Intermittent errors for Google Gemini models via Inference

Incident Report for LiveKit

Resolved

This incident has been resolved. The errors were caused by an upstream issue at our model provider (Google) that incorrectly triggered an account-level usage cap on our Gemini API access, returning rate-limit errors for a subset of Gemini requests routed through LiveKit Inference. Google identified the cause, rolled back the change on their side, and raised our account limits to prevent recurrence. Gemini requests are now serving normally and error rates have returned to baseline. Other models and providers were unaffected throughout.
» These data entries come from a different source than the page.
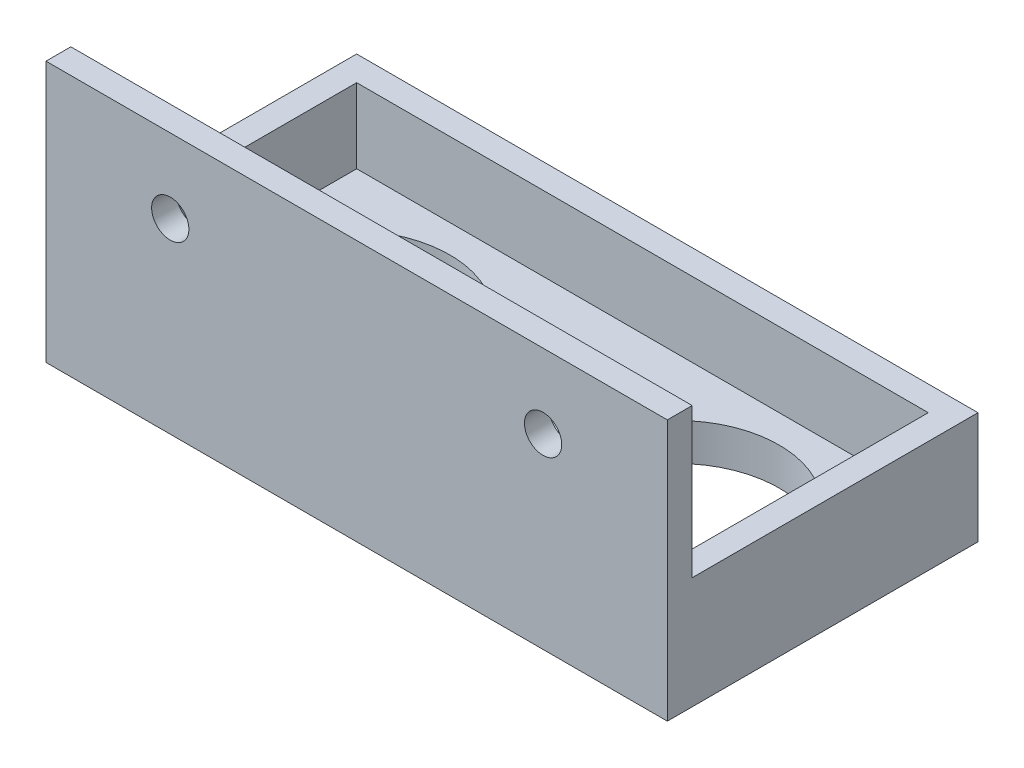
SolidWorks part; units mm, degrees
ref_plane "Front" through (0, 0, 0) normal (0, 0, 1) x (1, 0, 0)
ref_plane "Top" through (0, 0, 0) normal (0, 1, 0) x (1, 0, 0)
ref_plane "Right" through (0, 0, 0) normal (1, 0, 0) x (0, 0, -1)
sketch "Sketch1" plane through (0, 0, 0) normal (0, 1, 0) x (1, 0, 0)
  line L0 (-25, 12.5) -> (25, 12.5)
  line L1 (-25, 12.5) -> (-25, -12.5)
  line L2 (25, 12.5) -> (25, -12.5)
  line L3 (-25, -12.5) -> (25, -12.5)
  line L8 (-25, 12.5) -> (25, -12.5) construction
  line L9 (-25, -12.5) -> (0, 0) construction
  dimension "D1" = 50
  dimension "D2" = 25
extrude "Boss-Extrude2" add sketch "Sketch1" along normal blind 3 contours L0 L2 L3 L1
sketch "Sketch3" plane through (0, 3, 0) normal (0, 1, 0) x (1, 0, 0)
  line L0 (-5, 0) -> (5, 0) construction
  circle A0 centre (13.25, 0) radius 8.25
  circle A1 centre (-13.25, 0) radius 8.25
  dimension "D1" = 16.5
  dimension "D2" = 10
extrude "Cut-Extrude2" cut sketch "Sketch3" against normal through all
sketch "Sketch6" plane through (0, 3, 0) normal (0, 1, 0) x (1, 0, 0)
  line L14 (23, -10.5) -> (23, 10.5)
  line L15 (-23, -10.5) -> (23, -10.5)
  line L16 (-23, 10.5) -> (-23, -10.5)
  line L17 (23, 10.5) -> (-23, 10.5)
  line L18 (23, -10.5) -> (23, 10.5)
  line L19 (-23, -10.5) -> (23, -10.5)
  line L20 (-23, 10.5) -> (-23, -10.5)
  line L21 (23, 10.5) -> (-23, 10.5)
  line M7 (-25, 12.5) -> (-25, -12.5)
  line M8 (-25, -12.5) -> (25, -12.5)
  line M9 (25, -12.5) -> (25, 12.5)
  line M10 (25, 12.5) -> (-25, 12.5)
  dimension "D1" = 2
extrude "Boss-Extrude3" add sketch "Sketch6" along normal blind 6 contours L21 L18 L19 L20 M10 M7 M8 M9
sketch "Sketch7" plane through (0, 9, 0) normal (0, 1, 0) x (1, 0, 0)
  line L0 (-25, -12.5) -> (25, -12.5)
  line L1 (25, -10.5) -> (-25, -10.5)
  line L2 (25, -12.5) -> (25, 12.5) construction
  line L3 (-25, 12.5) -> (-25, -12.5) construction
  line L4 (-25, -10.5) -> (-25, -12.5)
  line L5 (25, -10.5) -> (25, -12.5)
  dimension "D1" = 2
extrude "Boss-Extrude4" add sketch "Sketch7" along normal blind 12
sketch "Sketch8" plane through (0, 0, 10.5) normal (0, 0, -1) x (-1, 0, 0)
  line L0 (-25, 16) -> (25, 16) construction
  line L4 (-25, 21) -> (25, 21) construction
  dimension "D1" = 5
sketch "Sketch9" plane through (0, 0, 10.5) normal (0, 0, -1) x (-1, 0, 0)
  circle A0 centre (-15, 15.0267) radius 1.5
  circle A1 centre (15, 15.0267) radius 1.5
  dimension "D1" = 10
  dimension "D3" = 3
  dimension "D2" = 10
extrude "Cut-Extrude3" cut sketch "Sketch9" against normal through all
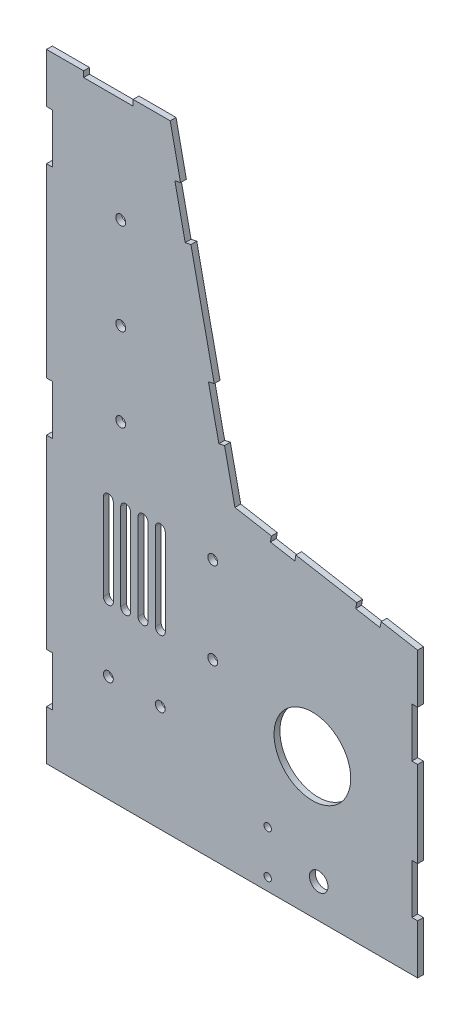
SolidWorks part; units mm, degrees
ref_plane "Front Plane" through (0, 0, 0) normal (0, 0, 1) x (1, 0, 0)
ref_plane "Top Plane" through (0, 0, 0) normal (0, 1, 0) x (1, 0, 0)
ref_plane "Right Plane" through (0, 0, 0) normal (1, 0, 0) x (0, 0, -1)
sketch "Sketch1" plane through (0, 0, 0) normal (0, 0, 1) x (1, 0, 0)
  line L6 (0, 0) -> (150, 0)
  line L27 (0, 0) -> (0, 20)
  line L28 (0, 20) -> (2.3622, 20)
  line L29 (2.3622, 20) -> (2.3622, 40)
  line L30 (2.3622, 40) -> (0, 40)
  line L31 (0, 40) -> (0, 115)
  line L32 (0, 115) -> (2.3622, 115)
  line L33 (2.3622, 115) -> (2.3622, 135)
  line L34 (2.3622, 135) -> (0, 135)
  line L35 (0, 135) -> (0, 210)
  line L36 (0, 210) -> (2.3622, 210)
  line L37 (2.3622, 210) -> (2.3622, 230)
  line L38 (2.3622, 230) -> (0, 230)
  line L39 (0, 230) -> (0, 250)
  line L40 (0, 250) -> (15, 250)
  line L41 (15, 250) -> (15, 247.6378)
  line L42 (15, 247.6378) -> (35, 247.6378)
  line L43 (35, 247.6378) -> (35, 250)
  line L44 (35, 250) -> (50, 250)
  line L46 (50, 250) -> (54.1823, 230.4422)
  line L47 (54.1823, 230.4422) -> (51.8723, 229.9482)
  line L48 (51.8723, 229.9482) -> (56.0546, 210.3904)
  line L49 (56.0546, 210.3904) -> (58.3646, 210.8844)
  line L50 (58.3646, 210.8844) -> (67.7748, 166.8793)
  line L51 (67.7748, 166.8793) -> (65.4648, 166.3853)
  line L52 (65.4648, 166.3853) -> (69.6471, 146.8275)
  line L53 (69.6471, 146.8275) -> (71.9571, 147.3214)
  line L54 (71.9571, 147.3214) -> (76.1394, 127.7636)
  line L55 (76.1394, 127.7636) -> (90.9115, 125.1589)
  line L56 (90.9115, 125.1589) -> (90.5013, 122.8326)
  line L57 (90.5013, 122.8326) -> (100.3494, 121.0961)
  line L58 (100.3494, 121.0961) -> (100.7596, 123.4224)
  line L59 (100.7596, 123.4224) -> (125.3798, 119.0812)
  line L60 (125.3798, 119.0812) -> (124.9696, 116.7549)
  line L61 (124.9696, 116.7549) -> (134.8177, 115.0184)
  line L62 (134.8177, 115.0184) -> (135.2279, 117.3447)
  line L63 (135.2279, 117.3447) -> (150, 114.74)
  line L64 (150, 114.74) -> (150, 94.74)
  line L65 (150, 94.74) -> (147.6378, 94.74)
  line L66 (147.6378, 94.74) -> (147.6378, 74.74)
  line L67 (147.6378, 74.74) -> (150, 74.74)
  line L68 (150, 74.74) -> (150, 40)
  line L69 (150, 40) -> (147.6378, 40)
  line L70 (147.6378, 40) -> (147.6378, 20)
  line L71 (147.6378, 20) -> (150, 20)
  line L72 (150, 20) -> (150, 0)
  point P20 (1.1811, 135)
  dimension "D1" = 125
  dimension "D2" = 250
  dimension "D3" = 2.3622
  dimension "D4" = 75
  dimension "D5" = 114.74
  dimension "D6" = 2.3622
  dimension "D7" = 2.3622
  dimension "D8" = 20
  dimension "D9" = 20
  dimension "D10" = 20
  dimension "D11" = 20
  dimension "D12" = 20
  dimension "D13" = 75
  dimension "D14" = 0
  dimension "D15" = 15
  dimension "D16" = 20
  dimension "D17" = 2.3622
  dimension "D18" = 127.7636
  dimension "D19" = 76.1394
  dimension "D20" = 20
  dimension "D21" = 20
  dimension "D22" = 20
  dimension "D23" = 20
  dimension "D24" = 2.3622
  dimension "D25" = 2.3622
  dimension "D26" = 15
  dimension "D27" = 2.3622
  dimension "D28" = 2.3622
  dimension "D29" = 10
  dimension "D30" = 10
  dimension "D31" = 15
  dimension "D32" = 15
  dimension "D33" = 2.3622
  dimension "D34" = 2.3622
  dimension "D35" = 2.3622
  dimension "D36" = 2.3622
  dimension "D37" = 20
  dimension "D38" = 20
  dimension "D39" = 20
  dimension "D40" = 20
  dimension "D41" = 2.3622
  dimension "D42" = 2.3622
  dimension "D43" = 2.3622
  dimension "D44" = 2.3622
extrude "Boss-Extrude1" add sketch "Sketch1" along normal blind 2.3622
sketch "Sketch2" plane through (0, 0, 2.3622) normal (0, 0, 1) x (1, 0, 0)
  line L0 (39, 105) -> (39, 70) construction
  line L1 (41, 105) -> (41, 70)
  line L2 (37, 105) -> (37, 70)
  line L3 (46, 105) -> (46, 70) construction
  line L4 (48, 105) -> (48, 70)
  line L5 (44, 105) -> (44, 70)
  line L6 (32, 105) -> (32, 70) construction
  line L7 (34, 105) -> (34, 70)
  line L8 (30, 105) -> (30, 70)
  line L9 (25, 105) -> (25, 70) construction
  line L10 (27, 105) -> (27, 70)
  line L11 (23, 105) -> (23, 70)
  line L12 (0, 0) -> (150, 0) construction
  line L13 (0, 20) -> (0, 0) construction
  line L14 (150, 0) -> (150, 20) construction
  circle A0 centre (30, 168.3018) radius 2
  arc A1 (41, 105) -> (37, 105) centre (39, 105) ccw
  arc A2 (37, 70) -> (41, 70) centre (39, 70) ccw
  arc A3 (48, 105) -> (44, 105) centre (46, 105) ccw
  arc A4 (44, 70) -> (48, 70) centre (46, 70) ccw
  arc A5 (34, 105) -> (30, 105) centre (32, 105) ccw
  arc A6 (30, 70) -> (34, 70) centre (32, 70) ccw
  arc A7 (27, 105) -> (23, 105) centre (25, 105) ccw
  arc A8 (23, 70) -> (27, 70) centre (25, 70) ccw
  circle A9 centre (67.1805, 70) radius 2
  circle A10 centre (46, 43.0147) radius 2
  circle A11 centre (67.1805, 105) radius 2
  circle A12 centre (25, 43.0147) radius 2
  circle A13 centre (30, 205.3197) radius 2
  circle A14 centre (30, 134.6424) radius 2
  circle A15 centre (110, 13.75) radius 3.75
  circle A16 centre (89.4, 22.5) radius 1.5
  circle A17 centre (89.4, 5) radius 1.5
  circle A18 centre (107.4575, 56.3172) radius 15.5
  point P4 (39, 87.5)
  point P11 (46, 87.5)
  point P18 (32, 87.5)
  point P23 (25, 87.5)
  point P52 (118.1734, 57.4257)
  point P53 (107.4575, 56.3172)
  dimension "D1" = 4
  dimension "D2" = 2
  dimension "D3" = 2
  dimension "D6" = 2
  dimension "D7" = 2
  dimension "D15" = 3
  dimension "D16" = 3
  dimension "D17" = 7.5
  dimension "D24" = 31
  dimension "D4" = 35
  dimension "D5" = 35
  dimension "D8" = 35
  dimension "D9" = 35
  dimension "D10" = 7
  dimension "D11" = 7
  dimension "D12" = 7
  dimension "D13" = 70
  dimension "D14" = 25
  dimension "D18" = 20.6
  dimension "D19" = 20.6
  dimension "D20" = 17.5
  dimension "D21" = 8.75
  dimension "D22" = 5
  dimension "D23" = 40
extrude "Cut-Extrude1" cut sketch "Sketch2" against normal through all
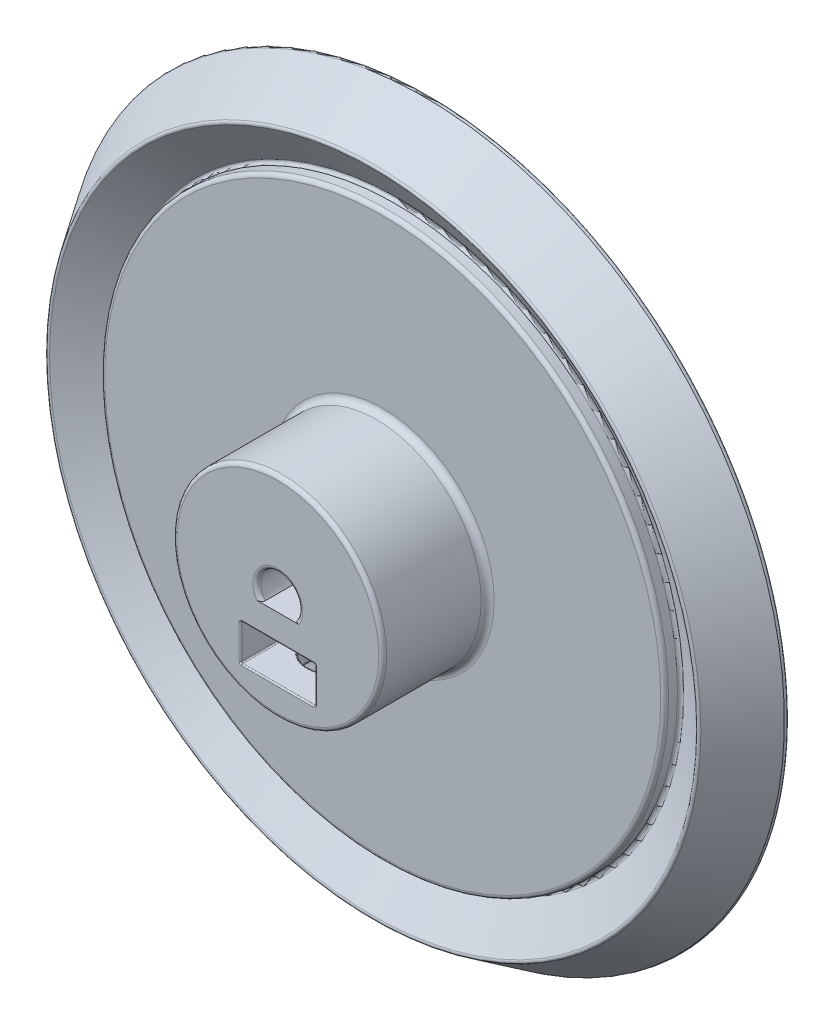
SolidWorks part; units mm, degrees
ref_plane "Front Plane" through (0, 0, 0) normal (0, 0, 1) x (1, 0, 0)
ref_plane "Top Plane" through (0, 0, 0) normal (0, 1, 0) x (1, 0, 0)
ref_plane "Right Plane" through (0, 0, 0) normal (1, 0, 0) x (0, 0, -1)
sketch "Sketch1" plane through (0, 0, 0) normal (0, 0, 1) x (1, 0, 0)
  circle A0 centre (0, 0) radius 25
  dimension "D1" = 50
extrude "Boss-Extrude1" add sketch "Sketch1" along normal mid plane 7.7
sketch "Sketch2" plane through (0, 0, 0) normal (0, 1, 0) x (1, 0, 0)
  line L1 (25, 0) -> (23.8588, 0) construction
  line L3 (21.5, 2.5) -> (27.9368, 2.5)
  line L4 (27.9368, 2.5) -> (27.9368, -2.5)
  line L5 (21.5, 2.5) -> (21.5, 7.2558)
  line L6 (21.5, 7.2558) -> (28.6124, 7.2558)
  line L7 (28.6124, 7.2558) -> (28.6124, -7.2558)
  line L8 (21.5, -7.2558) -> (28.6124, -7.2558)
  line L9 (21.5, -2.5) -> (21.5, -7.2558)
  line L10 (21.5, -2.5) -> (27.9368, -2.5)
  line L12 (25, -3.85) -> (25, 3.85) construction
  point P10 (28.6124, 0)
  point P13 (27.9368, 0)
  dimension "D1" = 5
  dimension "D2" = 3.5
sweep "Cut-Sweep1" cut profiles "Sketch2" path edge at (25, 0, -3.85)
sketch "Sketch3" plane through (0, 0, 0) normal (0, 1, 0) x (1, 0, 0)
  line L0 (-27.5, 0) -> (27.5, 0) construction
  line L1 (28.85, 0) -> (28.85, -1.1107) construction
  circle A0 centre (26.25, 0) radius 2.6
  dimension "D2" = 5.2
  dimension "D1" = 28.85
sketch "Sketch4" plane through (0, 0, 3.85) normal (0, 0, 1) x (1, 0, 0)
  circle A0 centre (0, 0) radius 8
  dimension "D1" = 16
extrude "Boss-Extrude2" add sketch "Sketch4" along normal blind 8
sketch "Sketch5" plane through (0, 0, 11.85) normal (0, 0, 1) x (1, 0, 0)
  line L1 (-1.249, -1) -> (1.249, -1)
  arc A0 (1.249, -1) -> (-1.249, -1) centre (0, 0) ccw
  dimension "D1" = 3.2
  dimension "D2" = 1
extrude "Cut-Extrude1" cut sketch "Sketch5" against normal blind 9
sketch "Sketch6" plane through (0, 0, 0) normal (0, 1, 0) x (1, 0, 0)
  line L0 (0, -55) -> (0, 55) construction
  line L1 (-8, -11.85) -> (8, -11.85) construction
  circle A0 centre (0, -7.55) radius 2
  dimension "D1" = 4
  dimension "D2" = 4.3
extrude "Cut-Extrude2" cut sketch "Sketch6" against normal through all
fillet "Fillet1" radius 0.5 1 edges at (8, 0, 3.85)
sketch "Sketch7" plane through (0, 0, -3.85) normal (0, 0, -1) x (-1, 0, 0)
  circle A0 centre (0, 0) radius 31.3112
  dimension "D1" = 62.6225
sketch "Sketch10" plane through (0, 0, 0) normal (1, 0, 0) x (0, 0, -1)
  line L0 (-2.5, 21.5) -> (-4.7018, 24.8394)
  line L1 (-4.7018, 24.8394) -> (-0.5275, 27.5917)
  line L2 (-0.5275, 27.5917) -> (2.5, 23)
  line L3 (3.85, 21.5) -> (2.5, 21.5) construction
  line L4 (2.5, -25) -> (2.5, 25) construction
  line L7 (5.9793, 25.4496) -> (0.9257, 30.4705)
  line L8 (0.9257, 30.4705) -> (-10.1067, 28.9854)
  line L9 (-10.1067, 28.9854) -> (-7.1437, 23.3484)
  line L10 (-7.1437, 23.3484) -> (-2.5, 21.5)
  line L11 (0, 0) -> (8.9282, 0) construction
  line L12 (2.5084, 21.5) -> (2.5242, 21.5) construction
  line L13 (-2.5, 25) -> (-2.5, -25) construction
  line L14 (2.5, 23) -> (5.9793, 25.4496)
  dimension "D1" = 5
  dimension "D2" = 4
  dimension "D3" = 90
  dimension "D4" = 90
  dimension "D5" = 1.5
revolve "Cut-Revolve1" cut sketch "Sketch10" angle 360 about L11
sketch "Sketch11" plane through (0, 0, 0) normal (1, 0, 0) x (0, 0, -1)
  line L0 (2.5, 23) -> (2.5, 21.5)
  line L1 (2.5, 21.5) -> (-2.5, 21.5)
  line L2 (0, 0) -> (6.6681, 0) construction
  line L8 (-2.5, 21.5) -> (-4.7018, 24.8394)
  line L9 (-4.7018, 24.8394) -> (-0.5275, 27.5917)
  line L10 (-0.5275, 27.5917) -> (2.5, 23)
  line L11 (2.5, 23) -> (5.9793, 25.4496)
  line L12 (5.9793, 25.4496) -> (0.9257, 30.4705)
  line L13 (0.9257, 30.4705) -> (-10.1067, 28.9854)
  line L14 (-10.1067, 28.9854) -> (-7.1437, 23.3484)
  line L15 (-7.1437, 23.3484) -> (-2.5, 21.5)
  line L16 (-2.5, 21.5) -> (-4.7018, 24.8394)
  line L17 (-4.7018, 24.8394) -> (-0.5275, 27.5917)
  line L18 (-0.5275, 27.5917) -> (2.5, 23)
  dimension "D1" = 0
revolve "Revolve3" add sketch "Sketch11" angle 360 about L2
fillet "Fillet2" radius 0.3 1 edges at (8, 0, 11.85)
fillet "Fillet3" radius 0.3 1 edges at (-0.3912, -7.9904, 5.5886)
fillet "Fillet4" radius 0.3 1 edges at (0, 1.6, 11.85)
fillet "Fillet5" radius 0.3 3 edges at (21.5, 0, -3.85) (21.5, 0, -2.5) (21.5, 0, 3.85)
sketch "Sketch8" plane through (0, 0, 11.85) normal (0, 0, 1) x (1, 0, 0)
  line L1 (-2.85, -3) -> (2.85, -3)
  line L2 (-2.85, -3) -> (-2.85, -5.8)
  line L3 (-2.85, -5.8) -> (2.85, -5.8)
  line L4 (2.85, -3) -> (2.85, -5.8)
  point P4 (0, -3)
  dimension "D1" = 2.8
  dimension "D2" = 5.7
  dimension "D3" = 3
extrude "Cut-Extrude3" cut sketch "Sketch8" against normal blind 9
fillet "Fillet6" radius 0.1 14 edges at (0, -3, 9.55) (0, -3, 11.85) (0, -5.8, 5.55) (0, -5.8, 11.85) (-2.85, -3, 7.35) (-2.85, -5.8, 7.35) (-2.85, -4.4, 11.85) (2.85, -5.8, 7.35) (2.85, -3, 7.35) (2.85, -4.4, 11.85) (0, -3, 2.85) (2.85, -4.4, 2.85) (0, -5.8, 2.85) (-2.85, -4.4, 2.85)
fillet "Fillet7" radius 0.2 4 edges at (23, 0, -2.5) (27.5917, 0, 0.5275) (24.8394, 0, 4.7018) (21.5, 0, 2.5)
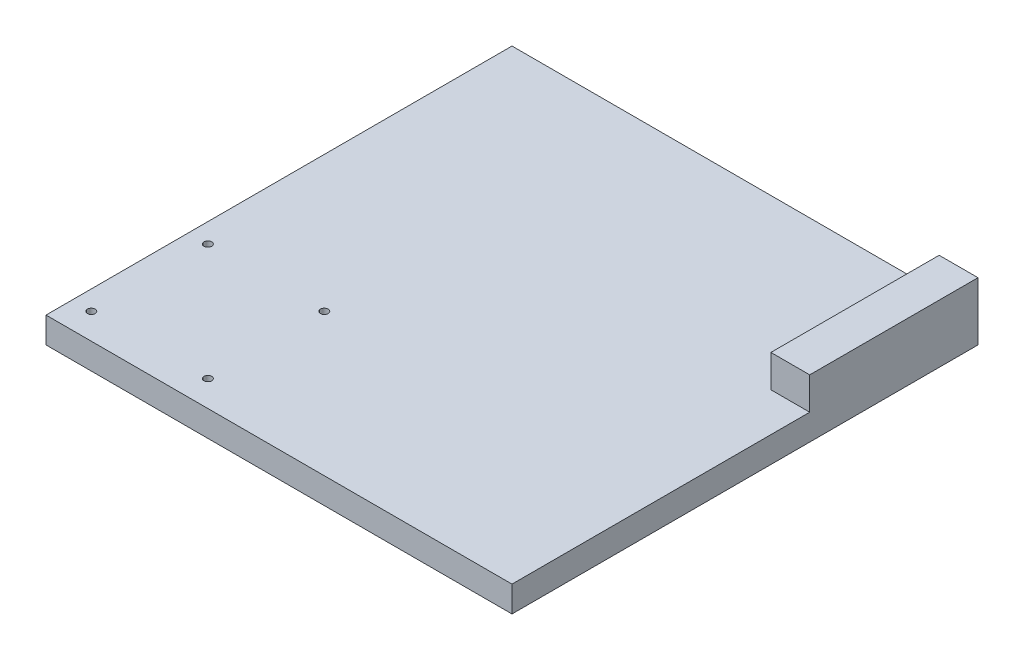
SolidWorks part; units mm, degrees
ref_plane "前视基准面" through (0, 0, 0) normal (0, 0, 1) x (1, 0, 0)
ref_plane "上视基准面" through (0, 0, 0) normal (0, 1, 0) x (1, 0, 0)
ref_plane "右视基准面" through (0, 0, 0) normal (1, 0, 0) x (0, 0, -1)
other "Configuration Table"
sketch "草图1" plane through (0, 0, 0) normal (0, 1, 0) x (1, 0, 0)
  line L0 (0, 0) -> (360, 0)
  line L1 (360, 0) -> (360, 360)
  line L2 (360, 360) -> (0, 360)
  line L3 (0, 360) -> (0, 0)
  dimension "D1" = 360
  dimension "D2" = 360
extrude "凸台-拉伸1" add sketch "草图1" along normal blind 20
sketch "草图2" plane through (0, 20, 0) normal (0, 1, 0) x (1, 0, 0)
  line L0 (0, 360) -> (0, 330)
  line L1 (0, 330) -> (130, 330)
  line L2 (130, 330) -> (130, 360)
  line L3 (360, 360) -> (0, 360) construction
  line L4 (130, 360) -> (0, 360)
  dimension "D1" = 130
  dimension "D2" = 30
sketch "草图4" plane through (0, 20, 0) normal (0, 1, 0) x (1, 0, 0)
  line L0 (360, 360) -> (360, 230)
  line L1 (360, 0) -> (360, 360) construction
  line L2 (360, 230) -> (330, 230)
  line L3 (330, 230) -> (330, 360)
  line L4 (360, 360) -> (0, 360) construction
  line L5 (330, 360) -> (360, 360)
  dimension "D1" = 30
  dimension "D2" = 130
extrude "凸台-拉伸3" add sketch "草图4" along normal blind 25
sketch "草图5" plane through (0, 20, 0) normal (0, 1, 0) x (1, 0, 0)
  line L0 (0, 360) -> (0, 0) construction
  line L1 (0, 0) -> (360, 0) construction
  circle A0 centre (15, 110) radius 3
  circle A1 centre (105, 110) radius 3
  circle A2 centre (15, 20) radius 3
  circle A3 centre (105, 20) radius 3
  dimension "D1" = 6
  dimension "D2" = 6
  dimension "D3" = 6
  dimension "D4" = 6
  dimension "D5" = 15
  dimension "D6" = 90
  dimension "D8" = 90
  dimension "D7" = 90
  dimension "D9" = 20
extrude "切除-拉伸2" cut sketch "草图5" against normal blind 25

Posted Jun 11, 2026 - 16:47 PDT

Identified

We have identified the cause as an upstream limit on our Google Gemini API account. Automatic failover to an alternate Gemini deployment is in place and has reduced the impact, but a subset of requests to Google Gemini models may still intermittently return errors when failover capacity is exceeded. We are actively engaged with Google support to restore full capacity and will share further updates as we have them. Other models and providers remain unaffected.

Posted Jun 11, 2026 - 12:09 PDT

Investigating

We are currently investigating intermittent 429 errors for Google Gemini models routed through LiveKit Inference.

Posted Jun 11, 2026 - 10:52 PDT

This incident affected: Global Inference.